3. Hawaii Democratic Senate primary (Aug. 9): This is the most contentious and personal Democratic primary of 2014. A year and a half after Abercrombie appointed Brian Schatz to the Senate over the deathbed wishes of longtime Sen. Daniel Inouye, the deeply personal element of this contest remains the dominant theme. Rep. Colleen Hanabusa is running as the natural successor to Inouye, her mentor. Schatz is arguing he has used his year and a half in the Senate to build relationships with party leaders and get results for Hawaii. The question of seniority, raised by Abercrombie, also looms large. Schatz is 41, while Hanabusa is 63. For his part, Schatz says age should not be an issue. Schatz has been the better fundraiser and also has the support of President Obama -- huge in the state where the president grew up -- and remains very popular. In their first statewide television debate this week, Hanabusa was quite critical of Schatz. Underdogs tend to take more aggressive postures in debates.

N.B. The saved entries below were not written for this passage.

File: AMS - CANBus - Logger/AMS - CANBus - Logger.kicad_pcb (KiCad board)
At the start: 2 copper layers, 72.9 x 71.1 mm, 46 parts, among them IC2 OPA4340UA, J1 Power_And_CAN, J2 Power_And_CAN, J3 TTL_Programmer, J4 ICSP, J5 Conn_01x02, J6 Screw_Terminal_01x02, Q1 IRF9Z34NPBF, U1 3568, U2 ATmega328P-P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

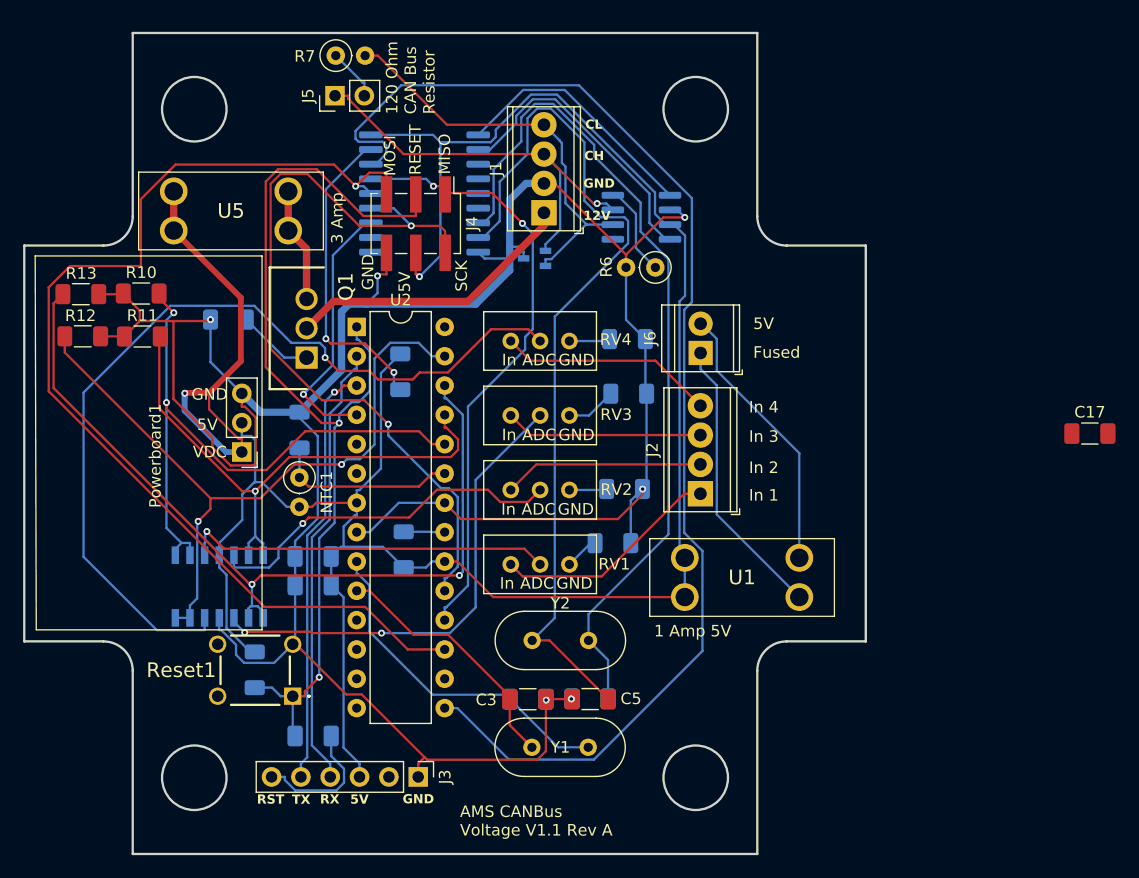
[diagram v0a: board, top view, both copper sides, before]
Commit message: finished the regular format adding the uno shield
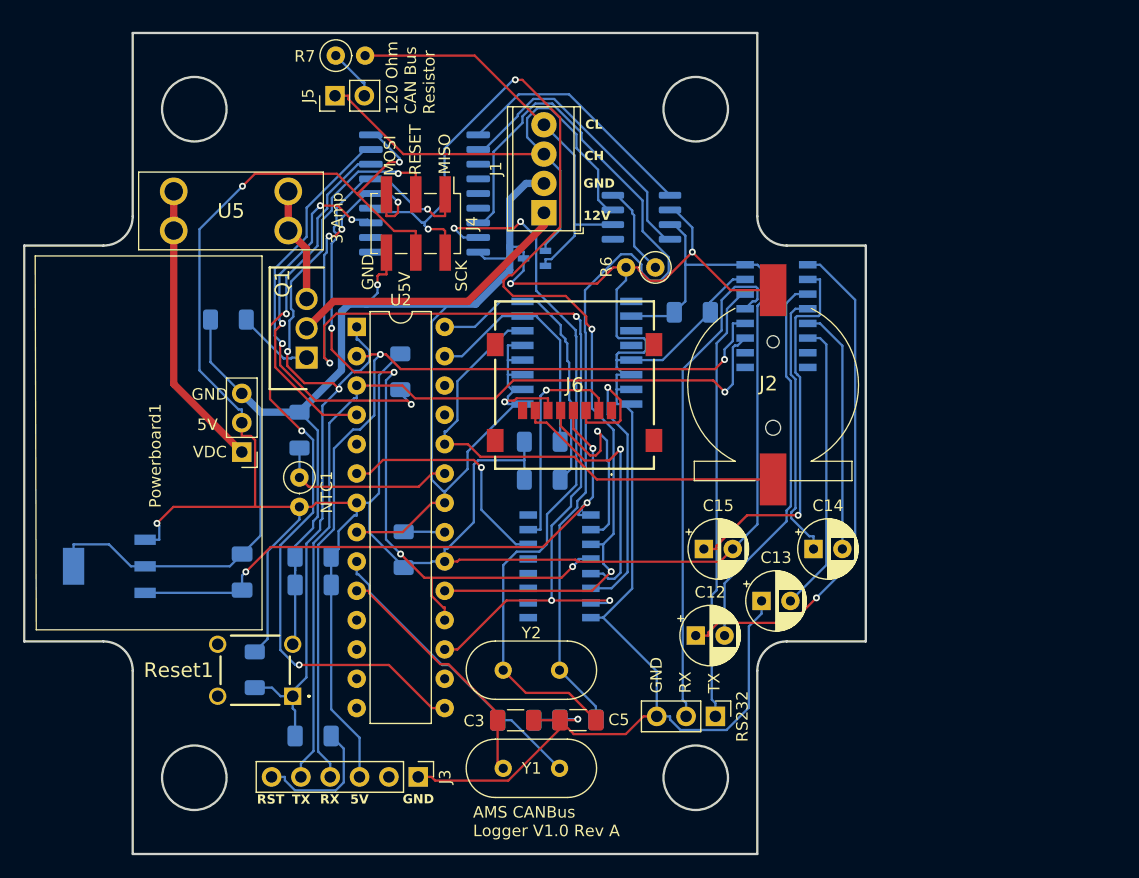
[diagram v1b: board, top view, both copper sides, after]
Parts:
- removed R10, R11, R12, R13: 47K, Resistor_SMD:R_1206_3216Metric_Pad1.30x1.75mm_HandSolder
- removed R14, R15: 1k, Resistor_SMD:R_1206_3216Metric_Pad1.30x1.75mm_HandSolder
- removed RV1, RV2, RV3, RV4: 200k, Potentiometer_THT:Potentiometer_Bourns_3296W_Vertical
- removed U1: 3568, SamacSys_Parts:3568
- added C12: 1uF, Capacitor_THT:CP_Radial_D5.0mm_P2.50mm, F.Cu at (170.3, 108.5)
- added C13: 1uF, Capacitor_THT:CP_Radial_D5.0mm_P2.50mm, F.Cu at (176.0, 105.5)
- added C14: 1uF, Capacitor_THT:CP_Radial_D5.0mm_P2.50mm, F.Cu at (180.5, 101.0)
- added C15: 1uF, Capacitor_THT:CP_Radial_D5.0mm_P2.50mm, F.Cu at (171.0, 101.0)
- added C8: 0.1uF, Capacitor_SMD:C_1206_3216Metric_Pad1.33x1.80mm_HandSolder, B.Cu at (170.0, 80.5)
- added IC1: DS3231SN#, SamacSys:SOIC127P1032X265-16N, B.Cu at (160.0, 84.0)
- added IC4: CD74HC4050ME4, SamacSys:SOIC127P600X175-16N, B.Cu at (158.5, 102.5)
- added IC5: AZ1117CH2-3.3TRG1, SamacSys:SOT230P700X180-4N, B.Cu at (119.5, 102.5)
- added RS232: Conn_01x03, Connector_PinHeader_2.54mm:PinHeader_1x03_P2.54mm_Vertical, F.Cu at (172.0, 115.5)
- C17: moved to B.Cu
- D1: footprint SamacSys_Parts:SOT65P210X110-3N -> SamacSys:SOT65P210X110-3N
- IC2: value OPA4340UA -> MAX232ECSE+T; footprint SamacSys_Parts:SOIC127P600X175-14N -> SamacSys:SOIC127P600X175-16N
- J2: value Power_And_CAN -> S8411-45R; footprint TerminalBlock_Phoenix:TerminalBlock_Phoenix_MPT-0,5-4-2.54_1x04_P2.54mm_Horizontal -> SamacSys:S8411-45R_1
- J6: value Screw_Terminal_01x02 -> GTFH08131YHR; footprint TerminalBlock_TE-Connectivity:TerminalBlock_TE_282834-2_1x02_P2.54mm_Horizontal -> SamacSys:GTFH08131YHR
- Q1: footprint SamacSys_Parts:TO254P469X1042X1967-3P -> SamacSys:TO254P469X1042X1967-3P
- R8, R9: value 1k -> 10k
- Reset1: footprint SamacSys_Parts:TS0266160BK260LCRD -> SamacSys:TS0266160BK260LCRD
- U5: footprint SamacSys_Parts:3568 -> SamacSys:3568
- moved C17 74.4 mm to (131.0, 103.0), turned to -90 degrees
- moved IC2 53.7 mm to (177.3, 80.8), turned to 180 degrees
- moved J2 11.3 mm to (177.0, 86.8), turned to 0 degrees
- moved J6 11.3 mm to (159.8, 86.8), turned to 0 degrees
- moved R8 10.6 mm to (157.0, 95.0)
- moved R9 8.22 mm to (157.0, 91.7)
- moved Y2 3.60 mm to (153.6, 111.5)
- moved Y1 3.08 mm to (153.6, 120.0)
- moved C3 2.11 mm to (154.7, 115.8)
- moved C4 2.11 mm to (160.1, 115.8)
- moved C5 2.11 mm to (160.1, 115.8)
- moved C2 2.11 mm to (154.7, 115.8)
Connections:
- net /BareMinAtmel328P/PB1-D9 renamed CANBusCS
- IC2 pad 1: /BareMinAtmel328P/PC1-A1 -> Net-(IC2-C1+)
- IC2 pad 10: /BufferedADC/ADCIN3 -> unconnected-(IC2-T2IN-Pad10)
- IC2 pad 11: GND -> COMTXTTL
- IC2 pad 12: /BufferedADC/ADCIN4 -> COMRXTTL
- IC2 pad 13: /BareMinAtmel328P/PC4-A4-SDA -> RX232
- IC2 pad 14: /BareMinAtmel328P/PC4-A4-SDA -> TX232
- IC2 pad 2: /BareMinAtmel328P/PC1-A1 -> Net-(IC2-V+)
- IC2 pad 3: /BufferedADC/ADCIN1 -> Net-(IC2-C1-)
- IC2 pad 4: +5V -> Net-(IC2-C2+)
- IC2 pad 5: /BufferedADC/ADCIN2 -> Net-(IC2-C2-)
- IC2 pad 6: /BareMinAtmel328P/PC2-A2 -> Net-(IC2-V-)
- IC2 pad 7: /BareMinAtmel328P/PC2-A2 -> unconnected-(IC2-T2OUT-Pad7)
- IC2 pad 8: /BareMinAtmel328P/PC3-A3 -> unconnected-(IC2-R2IN-Pad8)
- IC2 pad 9: /BareMinAtmel328P/PC3-A3 -> unconnected-(IC2-R2OUT-Pad9)
- J2 pad 1: Net-(J2-Pin_1) -> /BareMinAtmel328P/PC1-A1
- J2 pad 2: Net-(J2-Pin_2) -> GND
- J3 pad 4: /BareMinAtmel328P/PD0-RX -> COMRXTTL
- J3 pad 5: /BareMinAtmel328P/PD1-TX -> COMTXTTL
- J6 pad 1: Net-(J6-Pin_1) -> unconnected-(J6-DAT2-Pad1)
- J6 pad 2: Net-(J6-Pin_2) -> SDCS3.3V
- R8 pad 1: Net-(R8-Pad1) -> +5V
- R8 pad 2: GND -> SCL
- R9 pad 1: Net-(R9-Pad1) -> +5V
- R9 pad 2: GND -> SDA
- U2 pad 14: SDCS5V -> /BareMinAtmel328P/PB0-D8
- U2 pad 2: /BareMinAtmel328P/PD0-RX -> COMRXTTL
- U2 pad 27: /BareMinAtmel328P/PC4-A4-SDA -> SDA
- U2 pad 28: /BareMinAtmel328P/PC5-A5-SCL -> SCL
- U2 pad 3: /BareMinAtmel328P/PD1-TX -> COMTXTTL
- U2 pad 6: /BareMinAtmel328P/PD4-D4 -> SDCS5V
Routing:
- net GND: track 234.1 -> 319.0 mm, vias 6 -> 5
- net COMRXTTL: track 0.00 -> 76.9 mm, vias 0 -> 2
- net /BufferedADC/ADCIN4: track 76.4 -> 0.00 mm, vias 1 -> 0
- net COMTXTTL: track 0.00 -> 75.0 mm, vias 0 -> 1
- net /BareMinAtmel328P/PC3-A3: track 72.6 -> 0.00 mm, vias 2 -> 0
- net /BareMinAtmel328P/PC4-A4-SDA: track 62.3 -> 0.00 mm, vias 2 -> 0
- net +3.3V: track 0.00 -> 53.6 mm, vias 0 -> 3
- net +5V: track 185.0 -> 233.9 mm, vias 1 -> 3
- net /BareMinAtmel328P/PC2-A2: track 47.9 -> 0.00 mm, vias 1 -> 0
- net Net-(IC2-C1+): track 0.00 -> 44.5 mm, vias 0 -> 1
- net RX232: track 0.00 -> 43.6 mm
- net CANBusCS: track 108.6 -> 65.7 mm, vias 0 -> 3
- net /BufferedADC/ADCIN3: track 41.3 -> 0.00 mm, vias 2 -> 0
- net /BareMinAtmel328P/PD0-RX: track 38.8 -> 0.00 mm
- net TX232: track 0.00 -> 38.1 mm
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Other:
- board text added: "AMS CANBus Logger V1.0 Rev A"
- board text removed: "1 Amp 5V"
- board text removed: "ADC"
- board text removed: "AMS CANBus Voltage V1.1 Rev A"
- board text removed: "Fused"
- board text removed: "In"
- board text removed: "In 1"
- board text removed: "In 2"
- board text removed: "In 3"
- board text removed: "In 4"

2. Georgia Republican Senate primary runoff (July 22): There's a reason this race has stayed below the radar nationally: There is no tea party vs. establishment dynamic at work. Senate Republicans would be probably be pleased with either Rep. Jack Kingston or businessman David Perdue running against Democrat Michelle Nunn. Pre-runoff campaign finance reports showed Kingston started July with more money in his campaign account -- about $1.2 million -- than Perdue, who had abut $783,000. But Perdue has dipped into his own pockets before and could do so again down the stretch. Limited polling shows a close race, suggesting the final week is going to get awfully competitive.
1. Louisiana open Senate primary (Nov. 4): We're still about four months from this primary day, and the biggest question here seems to be whether an alternative to Rep. Bill Cassidy (R) gets any traction. Sen. Mary Landrieu (D) is likely to finish first in the open, nonpartisan primary, but Republicans will split up the vote from there. And the more time Cassidy or another Republican nominee spends trying to make the runoff (rather than focusing on Landrieu), that could help the incumbent. Retired Col. Rob Maness has tea party support, including from Sarah Palin, but he's still far behind Cassidy. State Rep. Paul Hollis also has some money to throw around.